Employee Satisfaction Levels in HRM and in CPM

To adapt to new demands and ensure business success, organizations have initiated profound processes of transformation, aiming to add value to its shareholders (stakeholders), customers, employees, suppliers, ultimately the entire value chain. The central point of this value chain lays with peoples especially employees of the organization. If technology demands change in core business processes, it also expects to change in the traditional methods of dealing organizational human resources (Dunn, 2010, pp. 02).

A contemporary vision of people management, assumes that the world is changing, people are changing and hence the organizations are in the process of change. Just as people today have more and better access to information, knowledge, new technologies, companies are also changing their old concepts or paradigms in constant learning process. The learning organizations understand the importance of their employees and for them it is often necessary to unlearn in order to learn.In the management of people, the need for change is constant and urgent. The old paradigms of the industrial era and the military model for management of people has completely transformed and the contemporary era of knowledge, cooperation, sustainability and the new information technologies has taken place in modern business organization (Pučėtaitė et al., 2008, pp. 325).

Traditional human resources practices revolve around employee motivation and satisfaction and his performance. But with the rapid changes in business environment and phenomenal growth of technological advancement, such methods become incapable to produce the results. Contemporary People Management (CPM) has provided the solution. CPM has gone ahead of merely satisfying employees to making them satisfied. An organization with contemporary vision of Personnel Management, has strategic clarity inmaking the mission, vision, values ​​and objectives and is assimilated and practiced by all employees consciously and unconsciously creating an alignment and cooperation among the employees (Pinnington et al., 2007, pp. 267).

Employee Satisfaction Discussion

In postmodern business environment, moral values and ethical standards have become increasingly complicated. This has affected the practices of HR, where a decision by HR manager can significantly produce drastic impacts on people’s job and their future employment opportunities.

The practice and theoretical framework of Human resource management is facing several challenges and most important of them are globalization challenge, HR innovation challenge, the sustainability challenge and the challenge of attracting and retaining people. These four challenges can be transformed into a competitive strength of the organization through CPM (Bartram, 2010, pp. 26). The challenge of HR innovation itself is a course to achieve Contemporary people management. Now business organizations are moving towards knowledge management, which include the transformation of techniques, processes, structures and systems, which can lead to the creation and sharing of knowledge throughout the organization. Resultantly, Global knowledge economy starts to develop which helps to increase the knowledge about different cultures, globalization process and intensify the knowledge about production processes. Australian federal government has since 1970 supported and implemented several such schemes and proposals which help to internationalize Australian business.

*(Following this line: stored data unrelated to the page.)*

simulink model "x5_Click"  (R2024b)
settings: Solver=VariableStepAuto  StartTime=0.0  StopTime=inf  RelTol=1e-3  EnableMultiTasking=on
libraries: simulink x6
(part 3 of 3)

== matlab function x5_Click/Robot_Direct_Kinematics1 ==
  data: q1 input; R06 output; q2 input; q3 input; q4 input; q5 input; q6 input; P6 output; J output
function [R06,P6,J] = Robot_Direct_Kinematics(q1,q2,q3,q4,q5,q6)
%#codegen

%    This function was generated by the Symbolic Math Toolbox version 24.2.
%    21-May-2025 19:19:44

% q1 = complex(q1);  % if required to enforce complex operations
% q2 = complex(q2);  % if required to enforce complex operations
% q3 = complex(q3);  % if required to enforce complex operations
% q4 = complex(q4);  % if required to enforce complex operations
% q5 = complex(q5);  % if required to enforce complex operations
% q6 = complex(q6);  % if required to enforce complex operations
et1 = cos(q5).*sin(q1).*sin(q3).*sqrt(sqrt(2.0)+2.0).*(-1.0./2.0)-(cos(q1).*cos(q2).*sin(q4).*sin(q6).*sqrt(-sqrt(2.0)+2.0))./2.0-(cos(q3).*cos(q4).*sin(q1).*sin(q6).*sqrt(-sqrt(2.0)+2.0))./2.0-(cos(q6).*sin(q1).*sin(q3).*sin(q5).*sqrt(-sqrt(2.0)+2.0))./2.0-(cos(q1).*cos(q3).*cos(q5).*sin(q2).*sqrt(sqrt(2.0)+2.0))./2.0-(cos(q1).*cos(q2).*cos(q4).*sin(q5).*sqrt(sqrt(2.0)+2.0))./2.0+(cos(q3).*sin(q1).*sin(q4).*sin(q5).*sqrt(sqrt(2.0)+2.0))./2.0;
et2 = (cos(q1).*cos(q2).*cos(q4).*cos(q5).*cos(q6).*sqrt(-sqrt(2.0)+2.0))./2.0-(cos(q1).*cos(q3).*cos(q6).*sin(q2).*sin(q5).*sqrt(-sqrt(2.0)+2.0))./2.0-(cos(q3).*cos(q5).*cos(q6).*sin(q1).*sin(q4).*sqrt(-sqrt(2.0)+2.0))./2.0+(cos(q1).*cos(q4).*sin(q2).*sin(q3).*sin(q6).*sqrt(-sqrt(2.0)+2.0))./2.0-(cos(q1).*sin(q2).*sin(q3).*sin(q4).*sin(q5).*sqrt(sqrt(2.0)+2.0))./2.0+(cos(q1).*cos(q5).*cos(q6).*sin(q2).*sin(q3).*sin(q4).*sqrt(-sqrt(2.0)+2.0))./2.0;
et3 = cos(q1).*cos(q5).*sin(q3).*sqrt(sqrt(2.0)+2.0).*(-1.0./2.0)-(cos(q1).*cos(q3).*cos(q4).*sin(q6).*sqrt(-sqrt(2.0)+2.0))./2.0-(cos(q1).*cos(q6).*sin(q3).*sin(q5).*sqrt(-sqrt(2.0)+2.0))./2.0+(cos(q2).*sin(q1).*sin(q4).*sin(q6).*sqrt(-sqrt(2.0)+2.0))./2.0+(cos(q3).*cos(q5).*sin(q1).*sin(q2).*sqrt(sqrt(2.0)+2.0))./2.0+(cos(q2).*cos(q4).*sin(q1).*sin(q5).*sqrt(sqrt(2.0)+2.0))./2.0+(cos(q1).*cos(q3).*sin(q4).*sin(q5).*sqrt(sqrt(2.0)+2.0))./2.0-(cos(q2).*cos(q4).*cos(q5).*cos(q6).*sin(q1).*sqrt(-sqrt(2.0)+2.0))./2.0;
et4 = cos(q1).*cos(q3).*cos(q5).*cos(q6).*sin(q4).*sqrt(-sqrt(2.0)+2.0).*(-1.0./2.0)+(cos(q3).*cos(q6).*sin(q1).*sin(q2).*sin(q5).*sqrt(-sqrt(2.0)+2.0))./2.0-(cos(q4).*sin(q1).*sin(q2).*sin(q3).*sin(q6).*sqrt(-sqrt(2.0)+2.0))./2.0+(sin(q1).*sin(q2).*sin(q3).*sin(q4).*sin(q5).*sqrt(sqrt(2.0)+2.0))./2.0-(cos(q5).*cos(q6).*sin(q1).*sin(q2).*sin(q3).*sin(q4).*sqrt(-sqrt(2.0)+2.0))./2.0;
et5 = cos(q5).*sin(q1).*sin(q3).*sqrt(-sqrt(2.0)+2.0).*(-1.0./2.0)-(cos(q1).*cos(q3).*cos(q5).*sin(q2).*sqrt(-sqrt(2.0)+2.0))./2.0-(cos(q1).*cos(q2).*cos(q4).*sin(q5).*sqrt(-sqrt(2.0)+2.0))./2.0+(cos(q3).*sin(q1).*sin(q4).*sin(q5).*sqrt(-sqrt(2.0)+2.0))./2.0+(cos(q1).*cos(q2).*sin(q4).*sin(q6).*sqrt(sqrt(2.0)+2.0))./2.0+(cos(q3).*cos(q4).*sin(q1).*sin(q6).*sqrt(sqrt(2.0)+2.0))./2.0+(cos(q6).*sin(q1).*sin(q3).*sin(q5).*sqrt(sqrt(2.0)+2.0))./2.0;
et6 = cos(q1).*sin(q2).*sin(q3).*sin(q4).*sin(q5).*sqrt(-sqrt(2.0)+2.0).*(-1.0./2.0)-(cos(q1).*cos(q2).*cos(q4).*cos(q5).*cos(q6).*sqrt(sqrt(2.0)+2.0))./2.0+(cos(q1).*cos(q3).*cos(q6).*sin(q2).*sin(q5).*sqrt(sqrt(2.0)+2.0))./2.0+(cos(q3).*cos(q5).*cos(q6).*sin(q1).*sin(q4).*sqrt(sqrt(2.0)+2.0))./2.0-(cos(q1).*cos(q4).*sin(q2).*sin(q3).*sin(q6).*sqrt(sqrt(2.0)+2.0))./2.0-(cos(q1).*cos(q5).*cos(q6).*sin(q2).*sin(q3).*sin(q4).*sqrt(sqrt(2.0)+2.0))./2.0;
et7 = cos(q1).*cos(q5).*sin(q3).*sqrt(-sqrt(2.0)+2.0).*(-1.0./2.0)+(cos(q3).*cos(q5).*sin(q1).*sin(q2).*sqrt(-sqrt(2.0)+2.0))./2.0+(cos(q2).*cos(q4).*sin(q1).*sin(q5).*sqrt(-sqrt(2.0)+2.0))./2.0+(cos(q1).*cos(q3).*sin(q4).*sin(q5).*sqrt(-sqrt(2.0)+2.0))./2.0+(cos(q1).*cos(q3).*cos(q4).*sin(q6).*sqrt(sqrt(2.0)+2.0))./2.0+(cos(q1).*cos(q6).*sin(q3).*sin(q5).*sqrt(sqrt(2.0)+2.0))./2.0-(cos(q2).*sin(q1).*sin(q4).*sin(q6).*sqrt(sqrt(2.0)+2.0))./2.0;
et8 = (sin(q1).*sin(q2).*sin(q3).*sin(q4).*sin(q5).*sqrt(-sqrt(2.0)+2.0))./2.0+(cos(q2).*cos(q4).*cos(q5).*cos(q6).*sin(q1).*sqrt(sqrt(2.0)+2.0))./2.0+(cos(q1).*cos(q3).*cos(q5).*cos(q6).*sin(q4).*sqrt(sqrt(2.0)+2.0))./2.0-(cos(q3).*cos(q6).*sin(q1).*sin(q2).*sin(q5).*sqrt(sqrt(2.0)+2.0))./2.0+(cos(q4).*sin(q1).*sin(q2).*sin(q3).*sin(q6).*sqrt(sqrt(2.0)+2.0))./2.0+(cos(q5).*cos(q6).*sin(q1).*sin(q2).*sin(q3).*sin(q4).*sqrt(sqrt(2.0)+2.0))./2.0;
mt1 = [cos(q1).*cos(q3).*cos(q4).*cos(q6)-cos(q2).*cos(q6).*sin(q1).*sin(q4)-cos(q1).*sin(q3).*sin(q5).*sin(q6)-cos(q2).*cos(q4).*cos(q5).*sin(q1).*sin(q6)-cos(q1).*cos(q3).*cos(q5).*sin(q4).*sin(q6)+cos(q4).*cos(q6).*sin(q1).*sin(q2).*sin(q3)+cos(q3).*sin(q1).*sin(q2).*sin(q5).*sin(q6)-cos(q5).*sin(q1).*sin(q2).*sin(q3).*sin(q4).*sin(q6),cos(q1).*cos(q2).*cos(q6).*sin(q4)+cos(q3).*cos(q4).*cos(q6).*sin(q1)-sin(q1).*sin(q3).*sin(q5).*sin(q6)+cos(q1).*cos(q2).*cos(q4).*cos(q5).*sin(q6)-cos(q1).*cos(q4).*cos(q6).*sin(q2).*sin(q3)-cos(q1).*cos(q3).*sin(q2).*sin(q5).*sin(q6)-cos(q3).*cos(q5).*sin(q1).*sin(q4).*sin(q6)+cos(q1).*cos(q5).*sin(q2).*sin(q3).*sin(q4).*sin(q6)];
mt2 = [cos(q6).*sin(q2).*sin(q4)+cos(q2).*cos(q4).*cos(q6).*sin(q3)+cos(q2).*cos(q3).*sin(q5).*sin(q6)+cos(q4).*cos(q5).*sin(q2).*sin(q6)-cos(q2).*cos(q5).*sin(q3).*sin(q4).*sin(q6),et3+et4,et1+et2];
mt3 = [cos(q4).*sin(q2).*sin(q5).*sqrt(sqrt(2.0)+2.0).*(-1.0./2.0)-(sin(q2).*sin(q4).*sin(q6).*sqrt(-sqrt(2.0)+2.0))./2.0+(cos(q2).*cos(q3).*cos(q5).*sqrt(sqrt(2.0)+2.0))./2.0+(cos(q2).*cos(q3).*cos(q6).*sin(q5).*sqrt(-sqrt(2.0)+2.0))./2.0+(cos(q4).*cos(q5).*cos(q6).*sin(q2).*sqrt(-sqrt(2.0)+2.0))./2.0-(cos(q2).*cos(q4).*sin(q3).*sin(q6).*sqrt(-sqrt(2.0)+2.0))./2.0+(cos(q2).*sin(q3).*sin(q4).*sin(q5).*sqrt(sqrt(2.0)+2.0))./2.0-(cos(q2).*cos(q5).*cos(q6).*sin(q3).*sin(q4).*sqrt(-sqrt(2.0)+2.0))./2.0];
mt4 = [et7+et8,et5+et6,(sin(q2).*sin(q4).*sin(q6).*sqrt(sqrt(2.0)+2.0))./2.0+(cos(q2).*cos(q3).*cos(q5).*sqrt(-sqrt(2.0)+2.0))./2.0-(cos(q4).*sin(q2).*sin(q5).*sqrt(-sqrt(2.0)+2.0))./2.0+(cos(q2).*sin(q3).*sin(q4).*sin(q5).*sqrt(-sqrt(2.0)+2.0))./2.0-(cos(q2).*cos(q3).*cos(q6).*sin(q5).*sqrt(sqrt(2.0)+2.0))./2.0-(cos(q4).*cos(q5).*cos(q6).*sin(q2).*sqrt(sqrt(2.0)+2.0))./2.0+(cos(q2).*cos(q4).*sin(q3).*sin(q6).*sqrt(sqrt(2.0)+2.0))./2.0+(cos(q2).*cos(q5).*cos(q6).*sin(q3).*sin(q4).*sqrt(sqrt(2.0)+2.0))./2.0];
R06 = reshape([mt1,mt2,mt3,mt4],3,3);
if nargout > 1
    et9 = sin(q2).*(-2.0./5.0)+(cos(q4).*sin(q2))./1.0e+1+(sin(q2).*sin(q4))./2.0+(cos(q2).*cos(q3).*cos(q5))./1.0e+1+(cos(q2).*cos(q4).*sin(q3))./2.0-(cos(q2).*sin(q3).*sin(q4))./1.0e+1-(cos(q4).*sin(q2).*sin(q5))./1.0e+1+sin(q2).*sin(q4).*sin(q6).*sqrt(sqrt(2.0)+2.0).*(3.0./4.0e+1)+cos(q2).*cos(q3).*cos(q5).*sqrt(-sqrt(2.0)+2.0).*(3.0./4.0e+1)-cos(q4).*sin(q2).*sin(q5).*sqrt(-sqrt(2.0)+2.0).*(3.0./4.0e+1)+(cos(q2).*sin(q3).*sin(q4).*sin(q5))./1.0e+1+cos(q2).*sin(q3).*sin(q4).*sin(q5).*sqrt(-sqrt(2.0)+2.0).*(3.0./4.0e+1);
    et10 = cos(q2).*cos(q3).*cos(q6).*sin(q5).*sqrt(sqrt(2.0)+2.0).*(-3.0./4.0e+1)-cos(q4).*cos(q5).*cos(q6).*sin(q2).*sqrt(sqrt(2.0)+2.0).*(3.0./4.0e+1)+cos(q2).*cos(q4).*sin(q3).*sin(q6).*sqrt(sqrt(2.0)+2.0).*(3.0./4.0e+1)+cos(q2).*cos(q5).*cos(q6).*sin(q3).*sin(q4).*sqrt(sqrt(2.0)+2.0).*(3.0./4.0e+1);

Changing business practices and innovation in HR practices and policies has created different ethical dilemmas. HR does not take place in isolation. It affects the life of employees and the ethical consideration of organization as well as of HR manager hassignificant impact of the performance of the employees.As the process of internationalization has started to increase its pace, we can see the dominance of neo liberal moral and ethical standards, which are regulated by a balance between alternative ends and scarce resources. It is simply based on utilitarian approach in order to select best method for the maximum number of people. When interests of people are satisfied with the help of common good, it will produce environment of return of favour.State of common good that can be achieved through utilitarian approach, not only benefits employee but it also produce good results for organization (Klikauer, 2012, pp. 74).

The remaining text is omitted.